I woke to find myself stuck somewhere between sleep and wakefulness, a liminal zone, a threshold between dream and reality. Drifting in and out of consciousness, my dreams came with me, events and people on the ward merged into a hallucinogenic thriller where events in the present affected not only the future but also the past. With hindsight, my choice of watching the film Tenet the night before going in for brain surgery, with its themes of time travel and a race to avert international disaster, may not have been ideal.
Earlier that year I was diagnosed with a pituitary adenoma and, after careful discussion with my team of endocrinologists and neurosurgeons, decided to have surgery to remove it. Generally considered a safe surgery, I expected to be in hospital for less than a week and was reassured I would need only simple analgesia after the first few days. Of course, I should have considered the additional ‘risk magnifier’ for medical personnel. Based on experience, this suggests that if the patient is a member of the medical profession anything that can go wrong with a procedure, generally will.
Sure enough, during surgery I had the rare complication of a CSF leak and then, to add insult to injury, developed an even rarer and aggressive ‘ventriculitis’ (no, I hadn’t heard of it before either), an infection like meningitis but more focused within the ventricles in the brain. This caused headache, confusion, photophobia, and a fever with rigors that came on just as they were attempting to remove my lumbar CSF drain, which was a tad inconvenient.
FROM PAIN TO EUPHORIA
Here I need to qualify that rather dry description of a ‘headache’ as I really don’t believe that does it justice. It was an excruciating pain rendering me unable to speak, open my eyes, or tolerate even the touch of my wife’s hand. This led to the clinical team throwing the analgesic section of the BNF at me and I was given increasingly more heroic doses of oxycodone up to a total of 80 mg in 24 hours (the equivalent of 160 mg of morphine) on top of paracetamol, naproxen, and dihydrocodeine.
To my embarrassment now, I remember as the pain built, I considered my experience of managing chronic pain in the community. I practiced breathing exercises and even remember reaching for my phone to play a meditation before the onset of rigors meant I couldn’t press the buttons and I admitted defeat welcoming the opioids with open arms.
I don’t honestly remember much of the next 48 hours, my level of consciousness fluctuated as the antibiotic equivalent of Domestos was poured into my veins but I subsequently rallied enough to emerge into a psychedelic combination of infection and opioid side-effects including delirium, hallucinations, sedation, and mood swings that were played out in a screenplay that would have done Christopher Nolan proud.
As the antibiotics continued to do their work, I was able to cut down the doses of opioids and reacquaint myself with reality. It was during this phase, shortly after a chunky top-up of oxycodone that I experienced my next opiate effect. Lying in my hospital bed with the pain receding I was filled with an overwhelming sense of wellbeing, finally all was well with the world and the next few hours were spent in a state of near-total bliss.
This may well have been because I was feeling better but I now recognise in that afternoon a near-perfect example of opiate-induced euphoria. How wonderful it was to be out of such awful pain (and how scary it was to consider it returning).

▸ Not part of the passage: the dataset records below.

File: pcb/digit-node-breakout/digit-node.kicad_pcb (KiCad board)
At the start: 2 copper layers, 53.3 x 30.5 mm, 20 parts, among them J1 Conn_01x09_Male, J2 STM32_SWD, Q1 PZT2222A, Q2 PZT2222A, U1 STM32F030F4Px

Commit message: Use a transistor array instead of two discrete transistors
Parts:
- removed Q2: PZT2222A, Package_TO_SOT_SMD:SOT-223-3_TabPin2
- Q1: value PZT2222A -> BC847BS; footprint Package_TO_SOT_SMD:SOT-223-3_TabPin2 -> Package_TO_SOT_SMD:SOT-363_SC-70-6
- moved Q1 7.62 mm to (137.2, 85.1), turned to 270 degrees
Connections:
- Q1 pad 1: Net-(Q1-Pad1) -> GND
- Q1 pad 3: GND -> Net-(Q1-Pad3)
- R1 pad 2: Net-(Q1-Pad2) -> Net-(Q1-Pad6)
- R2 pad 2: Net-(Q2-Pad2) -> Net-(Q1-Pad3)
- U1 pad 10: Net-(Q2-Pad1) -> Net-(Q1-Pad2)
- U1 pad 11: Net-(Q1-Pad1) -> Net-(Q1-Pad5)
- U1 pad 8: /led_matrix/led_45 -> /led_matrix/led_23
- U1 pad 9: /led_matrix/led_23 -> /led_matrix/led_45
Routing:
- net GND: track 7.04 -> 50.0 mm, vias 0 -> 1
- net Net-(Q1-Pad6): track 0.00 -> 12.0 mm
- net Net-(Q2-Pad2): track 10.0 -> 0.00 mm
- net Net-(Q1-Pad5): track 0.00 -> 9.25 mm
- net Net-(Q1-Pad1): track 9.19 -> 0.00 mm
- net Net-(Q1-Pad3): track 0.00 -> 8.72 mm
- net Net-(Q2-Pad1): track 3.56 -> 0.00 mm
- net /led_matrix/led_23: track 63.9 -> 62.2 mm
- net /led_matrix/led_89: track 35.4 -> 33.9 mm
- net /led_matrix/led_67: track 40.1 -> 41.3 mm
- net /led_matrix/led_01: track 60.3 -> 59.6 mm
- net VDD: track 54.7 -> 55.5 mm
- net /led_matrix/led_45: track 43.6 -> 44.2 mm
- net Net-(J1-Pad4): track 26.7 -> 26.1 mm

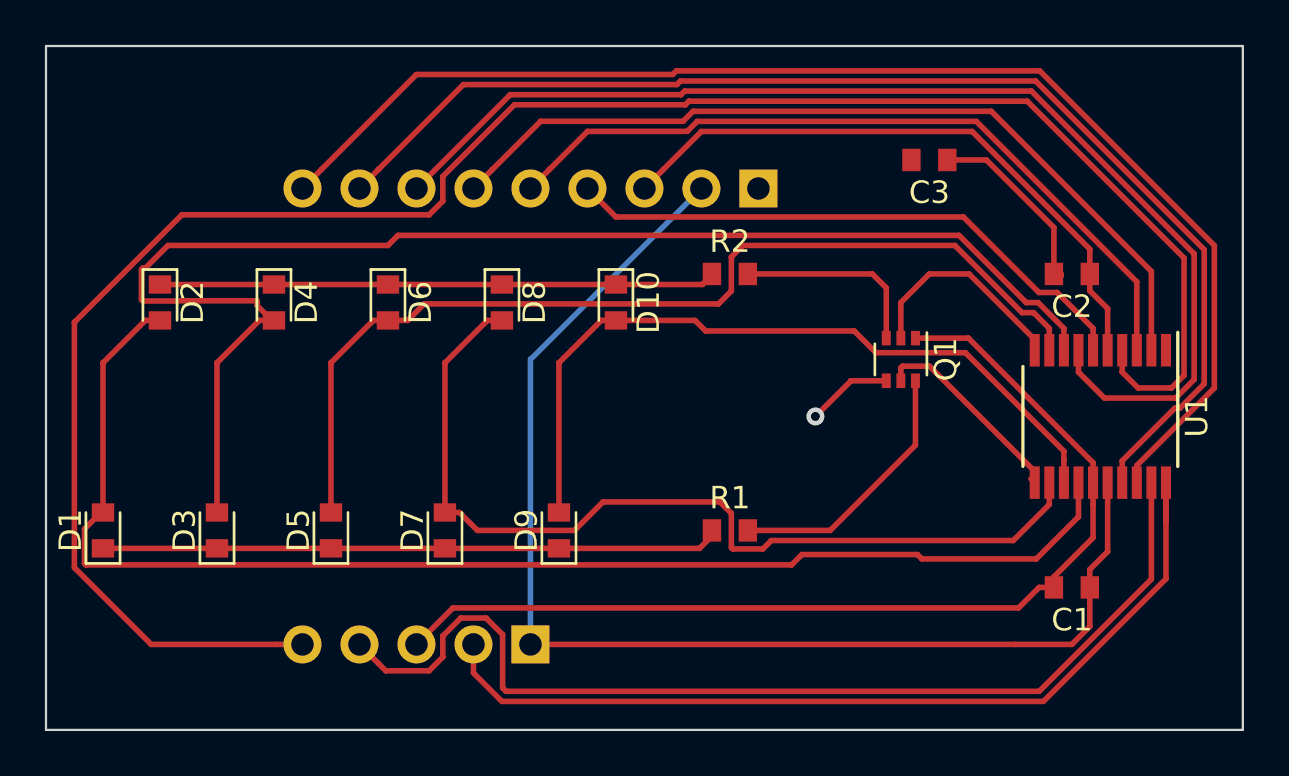
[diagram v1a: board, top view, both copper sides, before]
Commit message: Adapted PCB for Mentorspace mill design rules
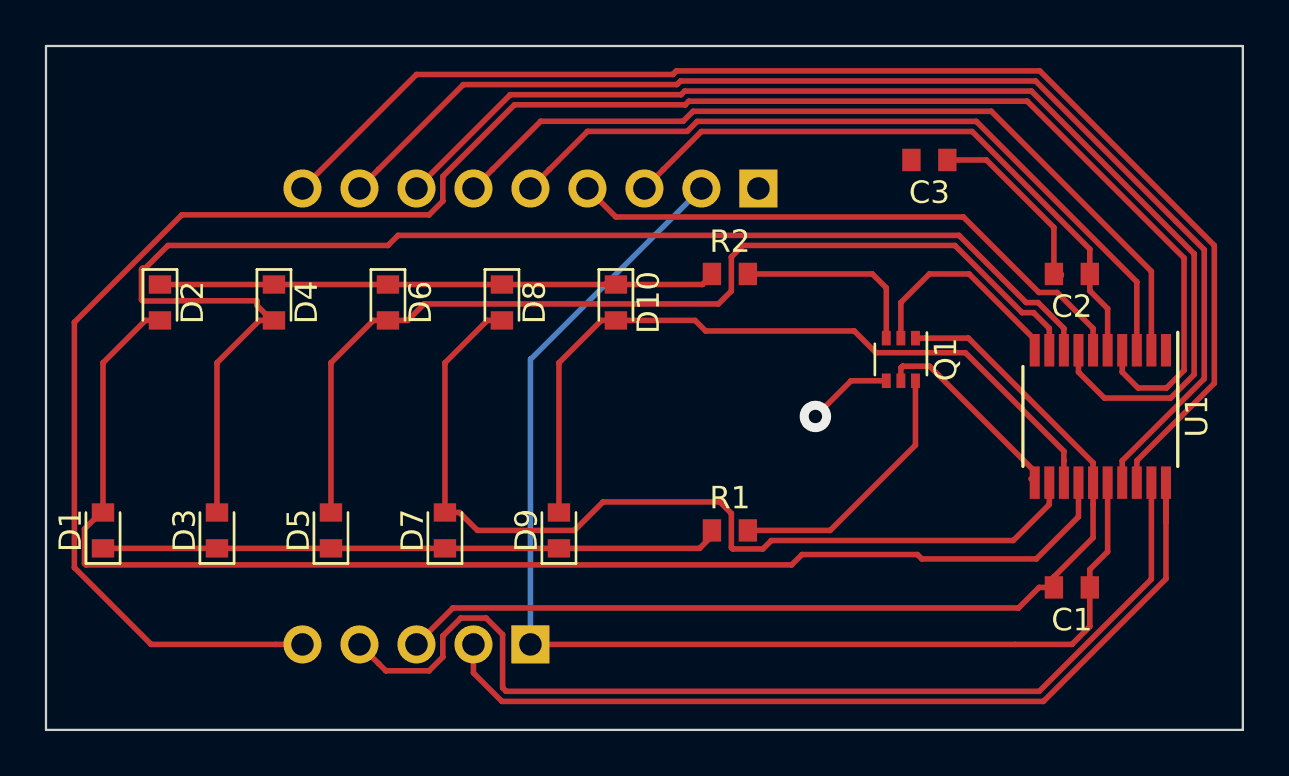
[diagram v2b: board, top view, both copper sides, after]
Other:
- net class Default: via_dia 0.8 -> 1.4; via_drill 0.4 -> 0.6
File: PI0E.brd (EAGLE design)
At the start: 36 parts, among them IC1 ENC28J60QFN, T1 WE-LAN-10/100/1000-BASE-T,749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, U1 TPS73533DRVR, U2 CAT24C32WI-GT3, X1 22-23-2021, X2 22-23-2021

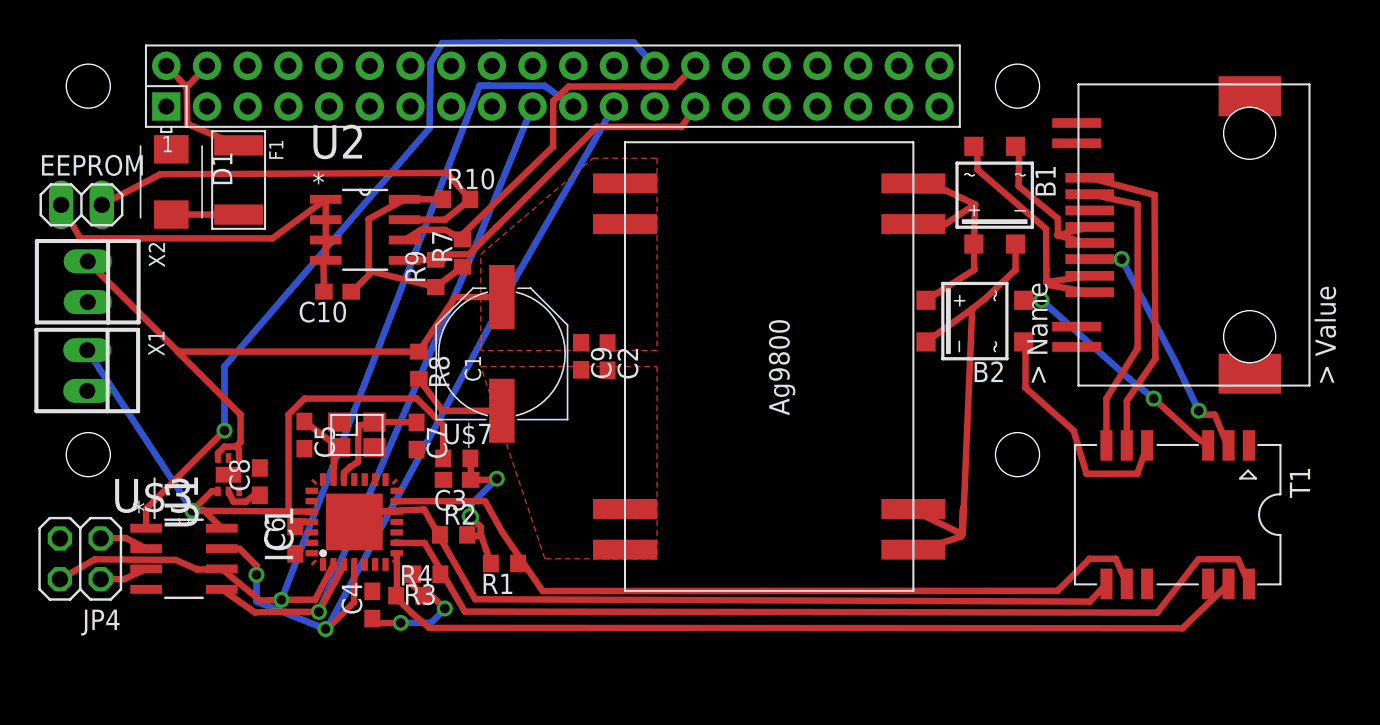
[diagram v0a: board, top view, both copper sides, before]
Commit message: Cleaning up routing
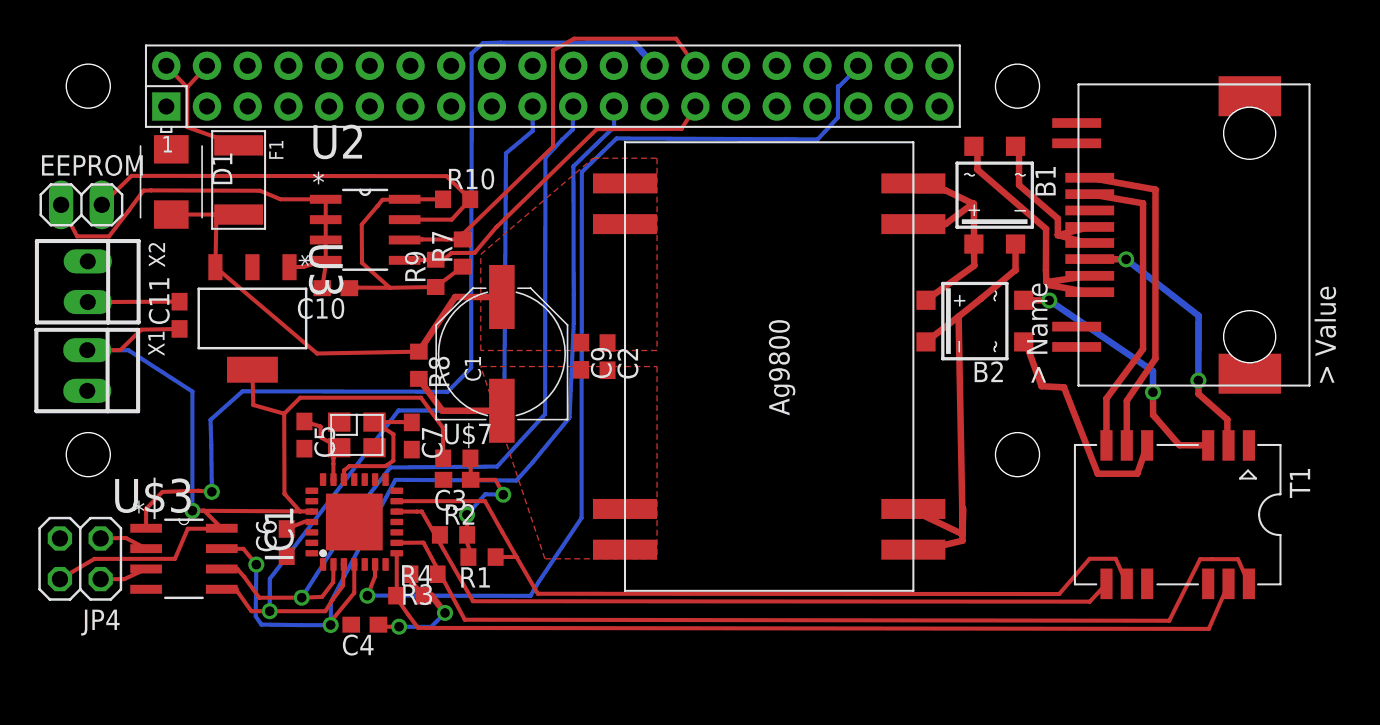
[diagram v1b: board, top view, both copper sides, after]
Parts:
- removed C8: .01uF, rcl:C0603
- removed U1: TPS73533DRVR, Texas Instruments_By_element14_Batch_1:SON65P200X200X80-7N
- added C11: 100uF, rcl:C0603
- added U3: TLV1117-33CDCY, Texas Instruments_By_element14_Batch_1:SOT230P700X180-4N
- moved R1 1.46 mm to (28.1, 7.11)
- moved C4 1.32 mm to (20.8, 2.89), turned to 180 degrees
- moved C6 0.55 mm to (15.9, 8.01)
- moved C7 0.30 mm to (23.7, 14.7)
- moved C10 0.25 mm to (18.9, 23.9)
- moved R3 0.17 mm to (24.5, 6.04)
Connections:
- removed net N$20: C8.1, U1.2
- net !RESET: now also U$1.36
- net +3V3: now also C11.1, IC1.21, U3.4; no longer U1.1
- net +5V: now also U3.3; no longer U1.4, U1.6
- net GND: now also C11.2, IC1.18, U3.1; no longer C8.2, U1.3
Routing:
- net !RESET: track 0.00 -> 60.8 mm
- net +5V: track 44.3 -> 29.2 mm
- net +3V3: track 69.5 -> 84.5 mm
- net !CS2: track 51.2 -> 59.8 mm
- net GND: track 30.5 -> 39.1 mm
- net SI: track 44.1 -> 52.0 mm
- net SCK: track 51.6 -> 58.4 mm
- net TX-: track 51.5 -> 48.0 mm
- net ID_SC: track 24.7 -> 27.8 mm
- net N$20: track 2.50 -> 0.00 mm
- net TX+: track 50.5 -> 52.3 mm
- net N$8: track 7.47 -> 9.23 mm
- net N$7: track 14.9 -> 16.5 mm
- net 6: track 15.9 -> 17.0 mm
- net RX+: track 58.5 -> 59.6 mm
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
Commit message: updated drill sizes
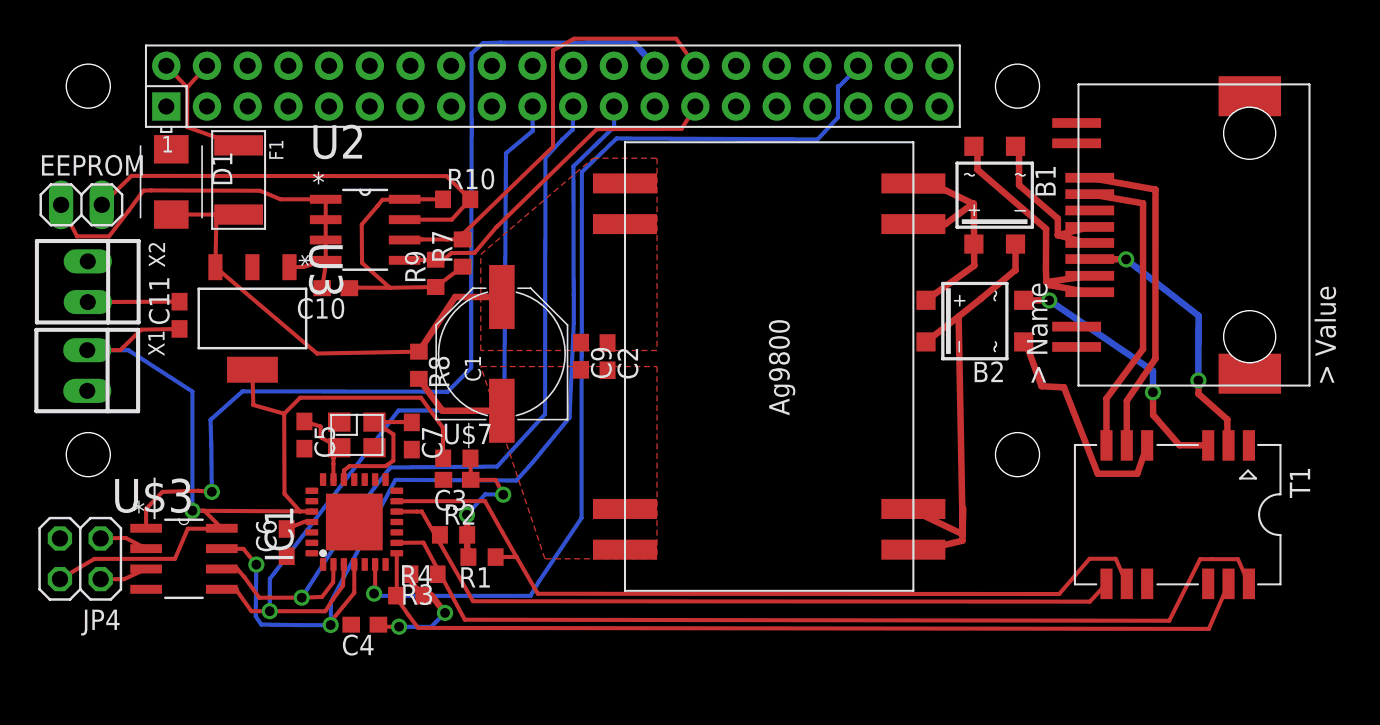
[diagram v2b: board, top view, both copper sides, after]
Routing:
- net !RESET: track 60.8 -> 60.3 mm, vias 0 -> 1
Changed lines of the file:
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@@
 <?xml version="1.0" encoding="utf-8"?>
 <!DOCTYPE eagle SYSTEM "eagle.dtd">
-<eagle version="7.5.0">
+<eagle version="6.5.0">
 <drawing>
 <settings>
@@
 <pass name="Default">
 <param name="RoutingGrid" value="50mil"/>
-<param name="AutoGrid" value="1"/>
-<param name="Efforts" value="0"/>
-<param name="TopRouterVariant" value="1"/>
 <param name="tpViaShape" value="round"/>
 <param name="PrefDir.1" value="|"/>
@@
 <wire x1="72.789" y1="18.128" x2="72.8" y2="22.174" width="0.4064" layer="16"/>
 <wire x1="72.8" y1="22.174" x2="68.281" y2="25.689" width="0.4064" layer="16"/>
-<via x="68.281" y="25.689" extent="1-16" drill="0.6"/>
-<via x="72.789" y="18.128" extent="1-16" drill="0.6"/>
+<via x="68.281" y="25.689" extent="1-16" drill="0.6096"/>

This created the perfect pharmacological carrot and stick of motivation to continue to use opioids and it is no surprise to me that a significant portion of surgical patients end up becoming long-term users of opiates.
AVOIDING DEPENDENCY AND ADDICTION
One may think that as doctors our knowledge and experience might afford us some protection but the likelihood of our developing a substance misuse disorder actually exceeds that of the general population, with opiate use coming second only to alcohol. Perhaps this should come as no surprise when considering that psychological health plays an important part in predicting those who are more likely to experience substance misuse. In early 2018, Mind surveyed 1066 GPs in England and Wales and found 40% reported significant mental health problems, add this to similar rates of burnout and you have a powerful driver for not only the descent into addiction, but subsequent relapse.
Critically we also have privileged access to controlled drugs, its sobering to note that primary care doctors are the most common source of opioids for non-medical users and perhaps this accounts for why both GPs and anaesthetists top the list of ‘high risk’ specialities likely to develop an addiction.
It’s easy to vilify opioids but there is no doubt that they are highly effective analgesics in the management of acute pain; however, we must be honest with both ourselves and our patients and discuss not only the analgesic effects but all of the effects, including the euphoria and the more psychedelic effects that may reinforce use and increase the risk of subsequent dependence.
When it comes to surgery, informing patients on the potential side effects before they need opioids as well as giving guidance on reducing and stopping them after any procedure is vital. Early identification of risk factors and the use of interventions to equip patients with self-management skills can reduce post-operative use of opioids and ultimately avoid the drift into dependence and addiction.
My experience in this opiate-induced liminal zone has enabled me to reflect on the thresholds crossed between doctor and patient, and provided a valuable insight into the impact of these powerful drugs. It has been a humbling experience that has emphasised my own fallibility and vulnerability, not just despite, but perhaps because of, being a doctor.